People are Onions.
July 10, 2016 at 6:59 am
(This post was last modified: July 10, 2016 at 7:02 am by ignoramus.)
I would like to explore how people subconsciously "profile" other people and come to the conclusions they do.
EG: with respect to the last shootings, did the police officer decide the person was an imminent threat to which he had to take lethal action?
What if the same black man was in a new BMW? Or wearing a suit? Or spoke eloquently? (and innocently still went for his license in his glove box when asked).
Would he still have been shot? Was this black man also a muslim? A potential Terrorist maybe? Did the police officer assess this?
So the officer quickly decided upon profiling the situation in all aspects (demographically, economically, racially, religiously) and decided that the "8 ball" said that if anybody is going to be a risk to your life, it is this man, right here, right now, or someone in his similar position.
Is this ultimately how they teach the police to assess a situation? By number crunching the odds?
What they can never teach you is that life is made up of so many layers, that you cannot easily and accurately determine the mental motives of a person at that moment by profiling them (statistical probability).
We all do it. We all subconsciously profile. But we don't kill people based on our conclusions.
If that police officer was not a psychopath, but genuinely believed that his life was in serious risk, then something has failed him.
Either his training, or the govt, or his job (overwork, underpaid, stressed, low morale, etc)

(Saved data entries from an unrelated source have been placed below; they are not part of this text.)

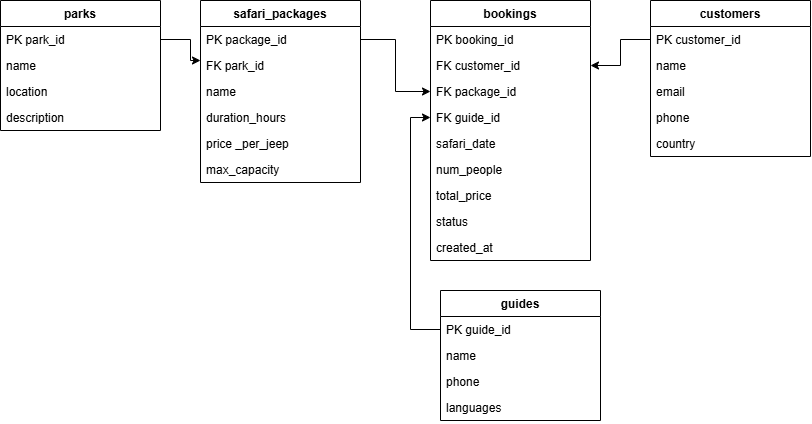

The diagram above was exported from draw.io. Its source (the exported page's mxGraphModel, read from the mxfile embedded in the PNG):
<mxGraphModel dx="1269" dy="527" grid="1" gridSize="10" guides="1" tooltips="1" connect="1" arrows="1" fold="1" page="1" pageScale="1" pageWidth="850" pageHeight="1100" math="0" shadow="0">
  <root>
    <mxCell id="0" />
    <mxCell id="1" parent="0" />
    <mxCell id="tw64zQbikaNtTAJCxFFH-2" parent="1" style="swimlane;fontStyle=1;childLayout=stackLayout;horizontal=1;startSize=26;horizontalStack=0;resizeParent=1;resizeParentMax=0;resizeLast=0;collapsible=1;marginBottom=0;" value="parks" vertex="1">
      <mxGeometry height="130" width="160" x="20" y="20" as="geometry" />
    </mxCell>
    <mxCell id="tw64zQbikaNtTAJCxFFH-3" parent="tw64zQbikaNtTAJCxFFH-2" style="text;strokeColor=none;fillColor=none;align=left;verticalAlign=top;spacingLeft=4;spacingRight=4;overflow=hidden;rotatable=0;points=[[0,0.5],[1,0.5]];portConstraint=eastwest;" value="PK park_id" vertex="1">
      <mxGeometry height="26" width="160" y="26" as="geometry" />
    </mxCell>
    <mxCell id="tw64zQbikaNtTAJCxFFH-4" parent="tw64zQbikaNtTAJCxFFH-2" style="text;strokeColor=none;fillColor=none;align=left;verticalAlign=top;spacingLeft=4;spacingRight=4;overflow=hidden;rotatable=0;points=[[0,0.5],[1,0.5]];portConstraint=eastwest;" value="name" vertex="1">
      <mxGeometry height="26" width="160" y="52" as="geometry" />
    </mxCell>
    <mxCell id="tw64zQbikaNtTAJCxFFH-5" parent="tw64zQbikaNtTAJCxFFH-2" style="text;strokeColor=none;fillColor=none;align=left;verticalAlign=top;spacingLeft=4;spacingRight=4;overflow=hidden;rotatable=0;points=[[0,0.5],[1,0.5]];portConstraint=eastwest;" value="location" vertex="1">
      <mxGeometry height="26" width="160" y="78" as="geometry" />
    </mxCell>
    <mxCell id="tw64zQbikaNtTAJCxFFH-6" parent="tw64zQbikaNtTAJCxFFH-2" style="text;strokeColor=none;fillColor=none;align=left;verticalAlign=top;spacingLeft=4;spacingRight=4;overflow=hidden;rotatable=0;points=[[0,0.5],[1,0.5]];portConstraint=eastwest;" value="description" vertex="1">
      <mxGeometry height="26" width="160" y="104" as="geometry" />
    </mxCell>
    <mxCell id="tw64zQbikaNtTAJCxFFH-7" parent="1" style="swimlane;fontStyle=1;childLayout=stackLayout;horizontal=1;startSize=26;horizontalStack=0;resizeParent=1;resizeParentMax=0;resizeLast=0;collapsible=1;marginBottom=0;" value="safari_packages" vertex="1">
      <mxGeometry height="182" width="160" x="220" y="20" as="geometry" />
    </mxCell>
    <mxCell id="tw64zQbikaNtTAJCxFFH-8" parent="tw64zQbikaNtTAJCxFFH-7" style="text;strokeColor=none;fillColor=none;align=left;verticalAlign=top;spacingLeft=4;spacingRight=4;overflow=hidden;rotatable=0;points=[[0,0.5],[1,0.5]];portConstraint=eastwest;" value="PK package_id" vertex="1">
      <mxGeometry height="26" width="160" y="26" as="geometry" />
    </mxCell>
    <mxCell id="tw64zQbikaNtTAJCxFFH-9" parent="tw64zQbikaNtTAJCxFFH-7" style="text;strokeColor=none;fillColor=none;align=left;verticalAlign=top;spacingLeft=4;spacingRight=4;overflow=hidden;rotatable=0;points=[[0,0.5],[1,0.5]];portConstraint=eastwest;" value="FK park_id" vertex="1">
      <mxGeometry height="26" width="160" y="52" as="geometry" />
    </mxCell>
    <mxCell id="tw64zQbikaNtTAJCxFFH-10" parent="tw64zQbikaNtTAJCxFFH-7" style="text;strokeColor=none;fillColor=none;align=left;verticalAlign=top;spacingLeft=4;spacingRight=4;overflow=hidden;rotatable=0;points=[[0,0.5],[1,0.5]];portConstraint=eastwest;" value="name" vertex="1">
      <mxGeometry height="26" width="160" y="78" as="geometry" />
    </mxCell>
    <mxCell id="tw64zQbikaNtTAJCxFFH-11" parent="tw64zQbikaNtTAJCxFFH-7" style="text;strokeColor=none;fillColor=none;align=left;verticalAlign=top;spacingLeft=4;spacingRight=4;overflow=hidden;rotatable=0;points=[[0,0.5],[1,0.5]];portConstraint=eastwest;" value="duration_hours" vertex="1">
      <mxGeometry height="26" width="160" y="104" as="geometry" />
    </mxCell>
    <mxCell id="tw64zQbikaNtTAJCxFFH-12" parent="tw64zQbikaNtTAJCxFFH-7" style="text;strokeColor=none;fillColor=none;align=left;verticalAlign=top;spacingLeft=4;spacingRight=4;overflow=hidden;rotatable=0;points=[[0,0.5],[1,0.5]];portConstraint=eastwest;" value="price _per_jeep" vertex="1">
      <mxGeometry height="26" width="160" y="130" as="geometry" />
    </mxCell>
    <mxCell id="tw64zQbikaNtTAJCxFFH-13" parent="tw64zQbikaNtTAJCxFFH-7" style="text;strokeColor=none;fillColor=none;align=left;verticalAlign=top;spacingLeft=4;spacingRight=4;overflow=hidden;rotatable=0;points=[[0,0.5],[1,0.5]];portConstraint=eastwest;" value="max_capacity" vertex="1">
      <mxGeometry height="26" width="160" y="156" as="geometry" />
    </mxCell>
    <mxCell id="tw64zQbikaNtTAJCxFFH-14" parent="1" style="swimlane;fontStyle=1;childLayout=stackLayout;horizontal=1;startSize=26;horizontalStack=0;resizeParent=1;resizeParentMax=0;resizeLast=0;collapsible=1;marginBottom=0;" value="guides" vertex="1">
      <mxGeometry height="130" width="160" x="460" y="310" as="geometry">
        <mxRectangle height="30" width="80" x="460" y="310" as="alternateBounds" />
      </mxGeometry>
    </mxCell>
    <mxCell id="tw64zQbikaNtTAJCxFFH-15" parent="tw64zQbikaNtTAJCxFFH-14" style="text;strokeColor=none;fillColor=none;align=left;verticalAlign=top;spacingLeft=4;spacingRight=4;overflow=hidden;rotatable=0;points=[[0,0.5],[1,0.5]];portConstraint=eastwest;" value="PK guide_id" vertex="1">
      <mxGeometry height="26" width="160" y="26" as="geometry" />
    </mxCell>
    <mxCell id="tw64zQbikaNtTAJCxFFH-16" parent="tw64zQbikaNtTAJCxFFH-14" style="text;strokeColor=none;fillColor=none;align=left;verticalAlign=top;spacingLeft=4;spacingRight=4;overflow=hidden;rotatable=0;points=[[0,0.5],[1,0.5]];portConstraint=eastwest;" value="name" vertex="1">
      <mxGeometry height="26" width="160" y="52" as="geometry" />
    </mxCell>
    <mxCell id="tw64zQbikaNtTAJCxFFH-17" parent="tw64zQbikaNtTAJCxFFH-14" style="text;strokeColor=none;fillColor=none;align=left;verticalAlign=top;spacingLeft=4;spacingRight=4;overflow=hidden;rotatable=0;points=[[0,0.5],[1,0.5]];portConstraint=eastwest;" value="phone" vertex="1">
      <mxGeometry height="26" width="160" y="78" as="geometry" />
    </mxCell>
    <mxCell id="tw64zQbikaNtTAJCxFFH-18" parent="tw64zQbikaNtTAJCxFFH-14" style="text;strokeColor=none;fillColor=none;align=left;verticalAlign=top;spacingLeft=4;spacingRight=4;overflow=hidden;rotatable=0;points=[[0,0.5],[1,0.5]];portConstraint=eastwest;" value="languages" vertex="1">
      <mxGeometry height="26" width="160" y="104" as="geometry" />
    </mxCell>
    <mxCell id="tw64zQbikaNtTAJCxFFH-19" parent="1" style="swimlane;fontStyle=1;childLayout=stackLayout;horizontal=1;startSize=26;horizontalStack=0;resizeParent=1;resizeParentMax=0;resizeLast=0;collapsible=1;marginBottom=0;" value="customers" vertex="1">
      <mxGeometry height="156" width="160" x="670" y="20" as="geometry">
        <mxRectangle height="30" width="100" x="670" y="20" as="alternateBounds" />
      </mxGeometry>
    </mxCell>
    <mxCell id="tw64zQbikaNtTAJCxFFH-20" parent="tw64zQbikaNtTAJCxFFH-19" style="text;strokeColor=none;fillColor=none;align=left;verticalAlign=top;spacingLeft=4;spacingRight=4;overflow=hidden;rotatable=0;points=[[0,0.5],[1,0.5]];portConstraint=eastwest;" value="PK customer_id" vertex="1">
      <mxGeometry height="26" width="160" y="26" as="geometry" />
    </mxCell>
    <mxCell id="tw64zQbikaNtTAJCxFFH-21" parent="tw64zQbikaNtTAJCxFFH-19" style="text;strokeColor=none;fillColor=none;align=left;verticalAlign=top;spacingLeft=4;spacingRight=4;overflow=hidden;rotatable=0;points=[[0,0.5],[1,0.5]];portConstraint=eastwest;" value="name" vertex="1">
      <mxGeometry height="26" width="160" y="52" as="geometry" />
    </mxCell>
    <mxCell id="tw64zQbikaNtTAJCxFFH-22" parent="tw64zQbikaNtTAJCxFFH-19" style="text;strokeColor=none;fillColor=none;align=left;verticalAlign=top;spacingLeft=4;spacingRight=4;overflow=hidden;rotatable=0;points=[[0,0.5],[1,0.5]];portConstraint=eastwest;" value="email" vertex="1">
      <mxGeometry height="26" width="160" y="78" as="geometry" />
    </mxCell>
    <mxCell id="tw64zQbikaNtTAJCxFFH-23" parent="tw64zQbikaNtTAJCxFFH-19" style="text;strokeColor=none;fillColor=none;align=left;verticalAlign=top;spacingLeft=4;spacingRight=4;overflow=hidden;rotatable=0;points=[[0,0.5],[1,0.5]];portConstraint=eastwest;" value="phone" vertex="1">
      <mxGeometry height="26" width="160" y="104" as="geometry" />
    </mxCell>
    <mxCell id="tw64zQbikaNtTAJCxFFH-24" parent="tw64zQbikaNtTAJCxFFH-19" style="text;strokeColor=none;fillColor=none;align=left;verticalAlign=top;spacingLeft=4;spacingRight=4;overflow=hidden;rotatable=0;points=[[0,0.5],[1,0.5]];portConstraint=eastwest;" value="country" vertex="1">
      <mxGeometry height="26" width="160" y="130" as="geometry" />
    </mxCell>
    <mxCell id="tw64zQbikaNtTAJCxFFH-25" parent="1" style="swimlane;fontStyle=1;childLayout=stackLayout;horizontal=1;startSize=26;horizontalStack=0;resizeParent=1;resizeParentMax=0;resizeLast=0;collapsible=1;marginBottom=0;" value="bookings" vertex="1">
      <mxGeometry height="260" width="160" x="450" y="20" as="geometry">
        <mxRectangle height="30" width="90" x="450" y="20" as="alternateBounds" />
      </mxGeometry>
    </mxCell>
    <mxCell id="tw64zQbikaNtTAJCxFFH-26" parent="tw64zQbikaNtTAJCxFFH-25" style="text;strokeColor=none;fillColor=none;align=left;verticalAlign=top;spacingLeft=4;spacingRight=4;overflow=hidden;rotatable=0;points=[[0,0.5],[1,0.5]];portConstraint=eastwest;" value="PK booking_id" vertex="1">
      <mxGeometry height="26" width="160" y="26" as="geometry" />
    </mxCell>
    <mxCell id="tw64zQbikaNtTAJCxFFH-27" parent="tw64zQbikaNtTAJCxFFH-25" style="text;strokeColor=none;fillColor=none;align=left;verticalAlign=top;spacingLeft=4;spacingRight=4;overflow=hidden;rotatable=0;points=[[0,0.5],[1,0.5]];portConstraint=eastwest;" value="FK customer_id" vertex="1">
      <mxGeometry height="26" width="160" y="52" as="geometry" />
    </mxCell>
    <mxCell id="tw64zQbikaNtTAJCxFFH-28" parent="tw64zQbikaNtTAJCxFFH-25" style="text;strokeColor=none;fillColor=none;align=left;verticalAlign=top;spacingLeft=4;spacingRight=4;overflow=hidden;rotatable=0;points=[[0,0.5],[1,0.5]];portConstraint=eastwest;" value="FK package_id" vertex="1">
      <mxGeometry height="26" width="160" y="78" as="geometry" />
    </mxCell>
    <mxCell id="tw64zQbikaNtTAJCxFFH-29" parent="tw64zQbikaNtTAJCxFFH-25" style="text;strokeColor=none;fillColor=none;align=left;verticalAlign=top;spacingLeft=4;spacingRight=4;overflow=hidden;rotatable=0;points=[[0,0.5],[1,0.5]];portConstraint=eastwest;" value="FK guide_id" vertex="1">
      <mxGeometry height="26" width="160" y="104" as="geometry" />
    </mxCell>
    <mxCell id="tw64zQbikaNtTAJCxFFH-30" parent="tw64zQbikaNtTAJCxFFH-25" style="text;strokeColor=none;fillColor=none;align=left;verticalAlign=top;spacingLeft=4;spacingRight=4;overflow=hidden;rotatable=0;points=[[0,0.5],[1,0.5]];portConstraint=eastwest;" value="safari_date" vertex="1">
      <mxGeometry height="26" width="160" y="130" as="geometry" />
    </mxCell>
    <mxCell id="tw64zQbikaNtTAJCxFFH-31" parent="tw64zQbikaNtTAJCxFFH-25" style="text;strokeColor=none;fillColor=none;align=left;verticalAlign=top;spacingLeft=4;spacingRight=4;overflow=hidden;rotatable=0;points=[[0,0.5],[1,0.5]];portConstraint=eastwest;" value="num_people" vertex="1">
      <mxGeometry height="26" width="160" y="156" as="geometry" />
    </mxCell>
    <mxCell id="tw64zQbikaNtTAJCxFFH-32" parent="tw64zQbikaNtTAJCxFFH-25" style="text;strokeColor=none;fillColor=none;align=left;verticalAlign=top;spacingLeft=4;spacingRight=4;overflow=hidden;rotatable=0;points=[[0,0.5],[1,0.5]];portConstraint=eastwest;" value="total_price" vertex="1">
      <mxGeometry height="26" width="160" y="182" as="geometry" />
    </mxCell>
    <mxCell id="tw64zQbikaNtTAJCxFFH-33" parent="tw64zQbikaNtTAJCxFFH-25" style="text;strokeColor=none;fillColor=none;align=left;verticalAlign=top;spacingLeft=4;spacingRight=4;overflow=hidden;rotatable=0;points=[[0,0.5],[1,0.5]];portConstraint=eastwest;" value="status" vertex="1">
      <mxGeometry height="26" width="160" y="208" as="geometry" />
    </mxCell>
    <mxCell id="tw64zQbikaNtTAJCxFFH-34" parent="tw64zQbikaNtTAJCxFFH-25" style="text;strokeColor=none;fillColor=none;align=left;verticalAlign=top;spacingLeft=4;spacingRight=4;overflow=hidden;rotatable=0;points=[[0,0.5],[1,0.5]];portConstraint=eastwest;" value="created_at" vertex="1">
      <mxGeometry height="26" width="160" y="234" as="geometry" />
    </mxCell>
    <mxCell id="tw64zQbikaNtTAJCxFFH-43" edge="1" parent="1" source="tw64zQbikaNtTAJCxFFH-3" style="edgeStyle=orthogonalEdgeStyle;rounded=0;orthogonalLoop=1;jettySize=auto;html=1;defaultLabelBackgroundColor=page;" value="">
      <mxGeometry relative="1" x="-0.3443" as="geometry">
        <Array as="points">
          <mxPoint x="210" y="59" />
          <mxPoint x="210" y="80" />
        </Array>
        <mxPoint x="220" y="80" as="targetPoint" />
      </mxGeometry>
    </mxCell>
    <mxCell id="tw64zQbikaNtTAJCxFFH-44" edge="1" parent="1" source="tw64zQbikaNtTAJCxFFH-8" style="edgeStyle=orthogonalEdgeStyle;rounded=0;orthogonalLoop=1;jettySize=auto;html=1;entryX=0;entryY=0.5;entryDx=0;entryDy=0;defaultLabelBackgroundColor=page;" target="tw64zQbikaNtTAJCxFFH-28">
      <mxGeometry relative="1" as="geometry" />
    </mxCell>
    <mxCell id="tw64zQbikaNtTAJCxFFH-46" edge="1" parent="1" source="tw64zQbikaNtTAJCxFFH-15" style="edgeStyle=orthogonalEdgeStyle;rounded=0;orthogonalLoop=1;jettySize=auto;html=1;entryX=0;entryY=0.5;entryDx=0;entryDy=0;defaultLabelBackgroundColor=page;" target="tw64zQbikaNtTAJCxFFH-29">
      <mxGeometry relative="1" as="geometry" />
    </mxCell>
    <mxCell id="tw64zQbikaNtTAJCxFFH-48" edge="1" parent="1" source="tw64zQbikaNtTAJCxFFH-20" style="edgeStyle=orthogonalEdgeStyle;rounded=0;orthogonalLoop=1;jettySize=auto;html=1;defaultLabelBackgroundColor=page;" target="tw64zQbikaNtTAJCxFFH-27" value="">
      <mxGeometry relative="1" x="0.3023" as="geometry" />
    </mxCell>
  </root>
</mxGraphModel>

Thoughts? Can anything be done better at a systemic level? Or do you feel what happened was a byproduct of social tensions of the day?
EG: with respect to the last shootings, did the police officer decide the person was an imminent threat to which he had to take lethal action?
What if the same black man was in a new BMW? Or wearing a suit? Or spoke eloquently? (and innocently still went for his license in his glove box when asked).
Would he still have been shot? Was this black man also a muslim? A potential Terrorist maybe? Did the police officer assess this?
So the officer quickly decided upon profiling the situation in all aspects (demographically, economically, racially, religiously) and decided that the "8 ball" said that if anybody is going to be a risk to your life, it is this man, right here, right now, or someone in his similar position.
Is this ultimately how they teach the police to assess a situation? By number crunching the odds?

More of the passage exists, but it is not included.